In meiner panelGroup kann ich eigene css Klassen definieren und das DEFAULT Design überschreiben. Ich muss nur wissen, welche Keywords für Komponenten aus dem Framework verfügbar sind und welche Formatierungen sie ergeben! Dort hilft mir nur Suche in der Dokumentation oder Google 

*Achtung!* Dies ist für mich nur eine Annahme! Ich möchte hier in die Runde fragen, ob dies korrekt ist oder das Tag eine ganz andere Funktion hat. Bisher konnte ich noch keine genaue Antwort finden und wäre für eine hilfreiche Erklärung dankbar.

Gruss
Hootch


----------



## knoppers (25. Jun 2010)

Ja dieses Tag hat diese und auch noch ein paar andere Funktion. (Ähnliche Funktion).
z.B. header oder bottom. Aber im endeffekt macht das dann auch nichts anderes als den jeweiligen Style zu setzen.

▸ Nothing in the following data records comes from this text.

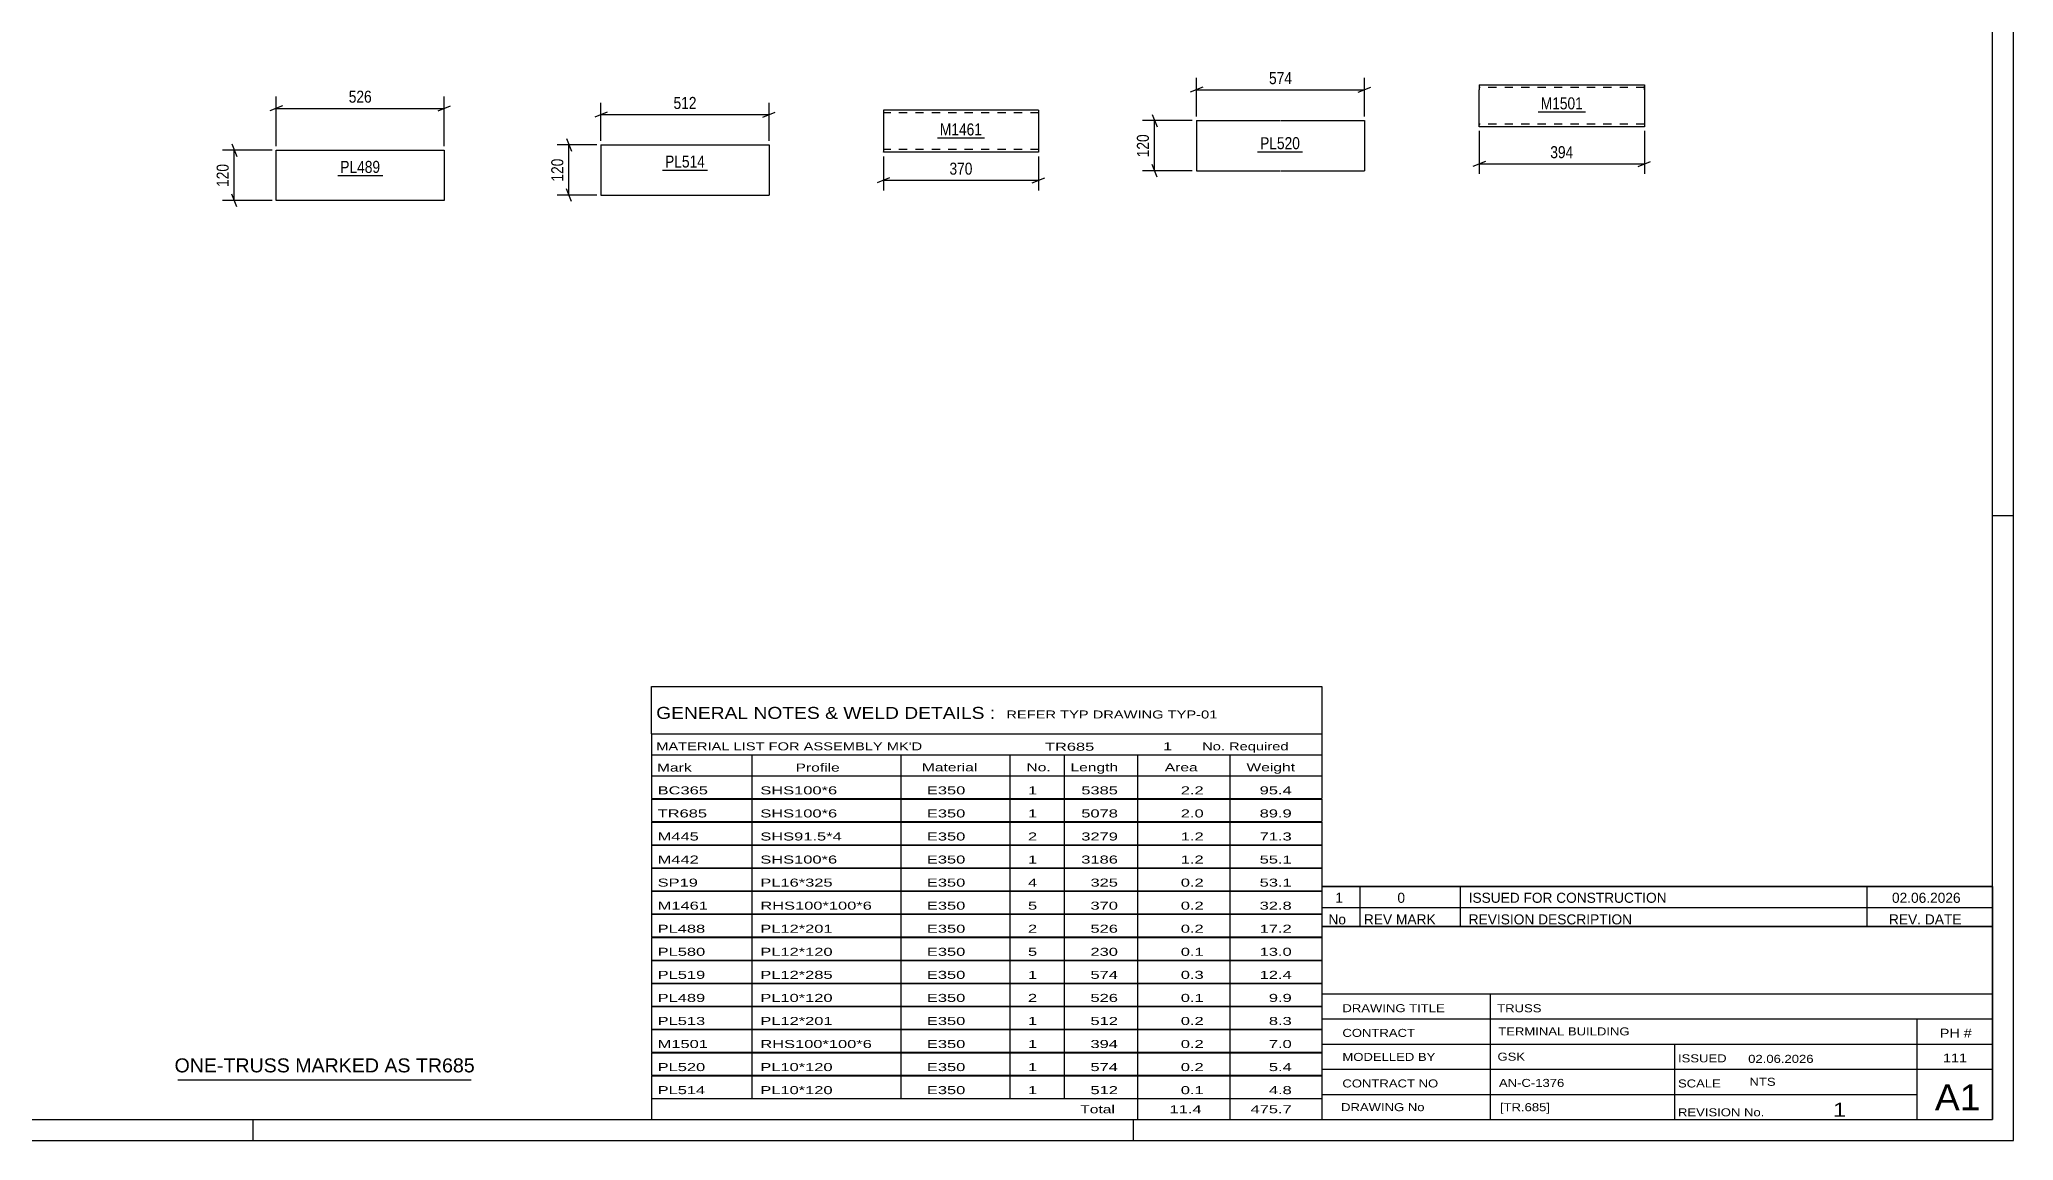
# Model space of a CAD drawing. Header units: millimetres. Extents: x 0 to 841, y 0 to 594.
# Drawn here: x 370 to 841, y 0 to 262.6 of the extents above; entities that cross this region are included whole.
import ezdxf

# ---------------------------------------------------------------- set-up
doc = ezdxf.new("R2010")
doc.units = ezdxf.units.MM
doc.linetypes.add('DXK_LINE_DOT2', pattern=[3.9198, 1.9599, -1.9599])
doc.styles.add('Arial', font='ARIAL.TTF', dxfattribs={"height": 0.2})
doc.styles.add('Arial Narrow', font='ARIALN.TTF', dxfattribs={"height": 0.2})

# ---------------------------------------------------------------- blocks, each defined once
blk = doc.blocks.new('Unknown-570385202-1113')
at = {"color": 5, "linetype": 'Continuous'}
for p, q in [((841, 0), (841, 594)), ((836, 5), (836, 589)), ((841, 149), (836, 149)), ((5, 5), (836, 5)), ((421, 0), (421, 5)), ((631, 0), (631, 5)), ((0, 0), (841, 0))]:
    blk.add_line(p, q, dxfattribs=at)
blk = doc.blocks.new('Part-570385202-16184 - 16183')
at = {"color": 2, "linetype": 'Continuous'}
for p, q in [((426.5, 224.19), (426.5, 236.19)), ((426.5, 236.19), (446.5, 236.19)), ((446.6, 236.19), (466.6, 236.19)), ((466.6, 236.19), (466.6, 224.19)), ((446.5, 224.19), (426.5, 224.19)), ((466.6, 224.19), (446.6, 224.19))]:
    blk.add_line(p, q, dxfattribs=at)
blk = doc.blocks.new('Part-570385202-16192 - 16191')
at = {"color": 2, "linetype": 'Continuous'}
for p, q in [((503.98, 237.47), (503.98, 225.47)), ((503.98, 237.47), (523.98, 237.47)), ((524.08, 237.47), (544.08, 237.47)), ((544.08, 237.47), (544.08, 225.47)), ((503.98, 225.47), (523.98, 225.47)), ((524.08, 225.47), (544.08, 225.47))]:
    blk.add_line(p, q, dxfattribs=at)
blk = doc.blocks.new('Part-570385202-16202 - 16201')
at = {"color": 2, "linetype": 'Continuous'}
for p, q in [((646.06, 243.26), (646.06, 231.26)), ((646.06, 243.26), (666.06, 243.26)), ((666.16, 243.26), (686.16, 243.26)), ((686.16, 243.26), (686.16, 231.26)), ((646.06, 231.26), (666.06, 231.26)), ((666.16, 231.26), (686.16, 231.26))]:
    blk.add_line(p, q, dxfattribs=at)
blk = doc.blocks.new('Part-570385202-16210 - 16209')
at = {"color": 2, "linetype": 'Continuous'}
for p, q in [((608.39, 245.74), (571.35, 245.74)), ((571.35, 245.74), (571.35, 235.83)), ((608.39, 245.74), (608.39, 235.74)), ((571.35, 235.74), (571.35, 235.83)), ((608.39, 235.74), (571.35, 235.74))]:
    blk.add_line(p, q, dxfattribs=at)
at = {"color": 7, "linetype": 'DXK_LINE_DOT2'}
for p, q in [((608.39, 245.14), (571.35, 245.14)), ((571.35, 236.34), (571.35, 236.39)), ((608.39, 236.34), (571.35, 236.34)), ((608.39, 236.34), (608.39, 236.39))]:
    blk.add_line(p, q, dxfattribs=at)
blk = doc.blocks.new('Part-570385202-16233 - 16232')
at = {"color": 2, "linetype": 'Continuous'}
for p, q in [((713.51, 251.79), (713.51, 250.59)), ((713.51, 251.79), (752.93, 251.79)), ((713.51, 242.53), (713.51, 250.59)), ((752.93, 250.59), (752.92, 241.79)), ((752.93, 251.79), (752.93, 251.7)), ((752.93, 251.7), (752.93, 250.59)), ((713.51, 241.88), (713.51, 242.53)), ((713.51, 241.79), (713.51, 241.88)), ((752.92, 241.79), (713.51, 241.79))]:
    blk.add_line(p, q, dxfattribs=at)
at = {"color": 7, "linetype": 'DXK_LINE_DOT2'}
for p, q in [((752.93, 251.19), (713.51, 251.19)), ((752.93, 250.59), (752.93, 251.44)), ((713.51, 242.53), (713.51, 242.14)), ((713.51, 242.39), (713.51, 242.44)), ((752.93, 242.39), (713.51, 242.39)), ((752.93, 242.39), (752.93, 242.44))]:
    blk.add_line(p, q, dxfattribs=at)
blk = doc.blocks.new('StraightDimension-570385202-16427 - 16183')
at = {"color": 7, "linetype": 'Continuous'}
for p, q in [((425.5, 236.19), (413.65, 236.19)), ((415.9, 237.69), (417.1, 234.69)), ((416.5, 224.19), (416.5, 236.19)), ((425.5, 224.19), (413.65, 224.19)), ((417.1, 222.69), (415.9, 225.69))]:
    blk.add_line(p, q, dxfattribs=at)
at = {"color": 0}
blk.add_wipeout([(415.75, 233.53), (411.55, 233.53), (411.55, 226.84), (415.75, 226.84)], dxfattribs=at)
at = {"color": 3, "style": 'Arial Narrow'}
blk.add_text('120', height=2.863, rotation=90.0002, dxfattribs=at).set_placement((415.15, 227.44))
blk = doc.blocks.new('StraightDimension-570385202-16431 - 16183')
at = {"color": 7, "linetype": 'Continuous'}
for p, q in [((428, 246.79), (425, 245.59)), ((426.5, 237.19), (426.5, 249.04)), ((426.5, 246.19), (466.6, 246.19)), ((465.1, 245.59), (468.1, 246.79)), ((466.6, 237.19), (466.6, 249.04))]:
    blk.add_line(p, q, dxfattribs=at)
at = {"color": 0}
blk.add_wipeout([(449.89, 246.94), (449.89, 251.14), (443.2, 251.14), (443.2, 246.94)], dxfattribs=at)
at = {"color": 3, "style": 'Arial Narrow'}
blk.add_text('526', height=2.863, dxfattribs=at).set_placement((443.8, 247.54))
blk = doc.blocks.new('StraightDimension-570385202-16435 - 16191')
at = {"color": 7, "linetype": 'Continuous'}
for p, q in [((502.98, 237.47), (493.49, 237.47)), ((495.74, 238.97), (496.94, 235.97)), ((496.34, 225.47), (496.34, 237.47)), ((496.94, 223.97), (495.74, 226.97)), ((502.98, 225.47), (493.49, 225.47))]:
    blk.add_line(p, q, dxfattribs=at)
at = {"color": 0}
blk.add_wipeout([(495.59, 234.81), (491.39, 234.81), (491.39, 228.12), (495.59, 228.12)], dxfattribs=at)
at = {"color": 3, "style": 'Arial Narrow'}
blk.add_text('120', height=2.863, rotation=90.0002, dxfattribs=at).set_placement((494.99, 228.72))
blk = doc.blocks.new('StraightDimension-570385202-16439 - 16191')
at = {"color": 7, "linetype": 'Continuous'}
for p, q in [((505.48, 245.29), (502.48, 244.09)), ((503.98, 238.47), (503.98, 247.54)), ((542.58, 244.09), (545.58, 245.29)), ((544.08, 238.47), (544.08, 247.54)), ((503.98, 244.69), (544.08, 244.69))]:
    blk.add_line(p, q, dxfattribs=at)
at = {"color": 0}
blk.add_wipeout([(527.37, 245.44), (527.37, 249.64), (520.69, 249.64), (520.69, 245.44)], dxfattribs=at)
at = {"color": 3, "style": 'Arial Narrow'}
blk.add_text('512', height=2.863, dxfattribs=at).set_placement((521.29, 246.04))
blk = doc.blocks.new('StraightDimension-570385202-16443 - 16201')
at = {"color": 7, "linetype": 'Continuous'}
for p, q in [((645.06, 243.26), (633.21, 243.26)), ((635.46, 244.76), (636.66, 241.76)), ((636.06, 231.26), (636.06, 243.26)), ((645.06, 231.26), (633.21, 231.26)), ((636.66, 229.76), (635.46, 232.76))]:
    blk.add_line(p, q, dxfattribs=at)
at = {"color": 0}
blk.add_wipeout([(635.31, 240.6), (631.11, 240.6), (631.11, 233.92), (635.31, 233.92)], dxfattribs=at)
at = {"color": 3, "style": 'Arial Narrow'}
blk.add_text('120', height=2.863, rotation=90.0002, dxfattribs=at).set_placement((634.71, 234.52))
blk = doc.blocks.new('StraightDimension-570385202-16447 - 16201')
at = {"color": 7, "linetype": 'Continuous'}
for p, q in [((647.56, 251.22), (644.56, 250.02)), ((646.06, 244.26), (646.06, 253.47)), ((646.06, 250.62), (686.16, 250.62)), ((684.66, 250.02), (687.66, 251.22)), ((686.16, 244.26), (686.16, 253.47))]:
    blk.add_line(p, q, dxfattribs=at)
at = {"color": 0}
blk.add_wipeout([(669.46, 251.37), (669.46, 255.57), (662.77, 255.57), (662.77, 251.37)], dxfattribs=at)
at = {"color": 3, "style": 'Arial Narrow'}
blk.add_text('574', height=2.863, dxfattribs=at).set_placement((663.37, 251.97))
blk = doc.blocks.new('StraightDimension-570385202-16451 - 16209')
at = {"color": 7, "linetype": 'Continuous'}
for p, q in [((571.35, 234.74), (571.35, 226.62)), ((608.39, 234.74), (608.39, 226.62)), ((572.85, 229.62), (569.85, 228.42)), ((571.35, 229.02), (608.39, 229.02)), ((606.89, 228.42), (609.89, 229.62))]:
    blk.add_line(p, q, dxfattribs=at)
at = {"color": 0}
blk.add_wipeout([(593.21, 229.77), (593.21, 233.97), (586.53, 233.97), (586.53, 229.77)], dxfattribs=at)
at = {"color": 3, "style": 'Arial Narrow'}
blk.add_text('370', height=2.863, dxfattribs=at).set_placement((587.13, 230.37))
blk = doc.blocks.new('StraightDimension-570385202-16484 - 16232')
at = {"color": 7, "linetype": 'Continuous'}
for p, q in [((713.51, 240.79), (713.51, 230.55)), ((752.92, 240.79), (752.92, 230.55)), ((715.01, 233.55), (712.01, 232.35)), ((713.51, 232.95), (752.92, 232.95)), ((751.42, 232.35), (754.42, 233.55))]:
    blk.add_line(p, q, dxfattribs=at)
at = {"color": 0}
blk.add_wipeout([(736.56, 233.7), (736.56, 237.9), (729.88, 237.9), (729.88, 233.7)], dxfattribs=at)
at = {"color": 3, "style": 'Arial Narrow'}
blk.add_text('394', height=2.863, dxfattribs=at).set_placement((730.48, 234.3))
blk = doc.blocks.new('Unknown-570385202-22121')
at = {"color": 7, "linetype": 'Continuous'}
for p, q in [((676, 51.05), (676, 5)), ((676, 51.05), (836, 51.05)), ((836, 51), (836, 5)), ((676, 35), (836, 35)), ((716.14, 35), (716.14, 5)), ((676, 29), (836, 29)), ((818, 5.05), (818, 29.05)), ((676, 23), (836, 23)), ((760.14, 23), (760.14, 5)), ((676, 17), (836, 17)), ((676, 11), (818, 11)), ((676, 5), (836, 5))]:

Wenn du z.B. RichFaces verwendest kannst du unter Eclipse die css(xslt oder wie die Dinger auch immer heißen)-Dateien dir anschauen. Da kann man dann recht gut herauslesen wie die jeweilige Style für das Framework sind. Bei Icefaces und CO. müsste die ziemlich identisch sein. Du kannst natürlich auch ohne viel zu suchen jeden Style überschreiben. Da musst du aber mal genauer in die API des jeweiligen Frameworkes schauen. ICEfaces - Open Source Ajax, J2EE Ajax, JSF Java Framework

Man kann sich dieses Tag auch ähnlich dem vorstellen

tbody = f:facet name="body"
thead = f:facet name="header"
tfood = f:facet name="bottom"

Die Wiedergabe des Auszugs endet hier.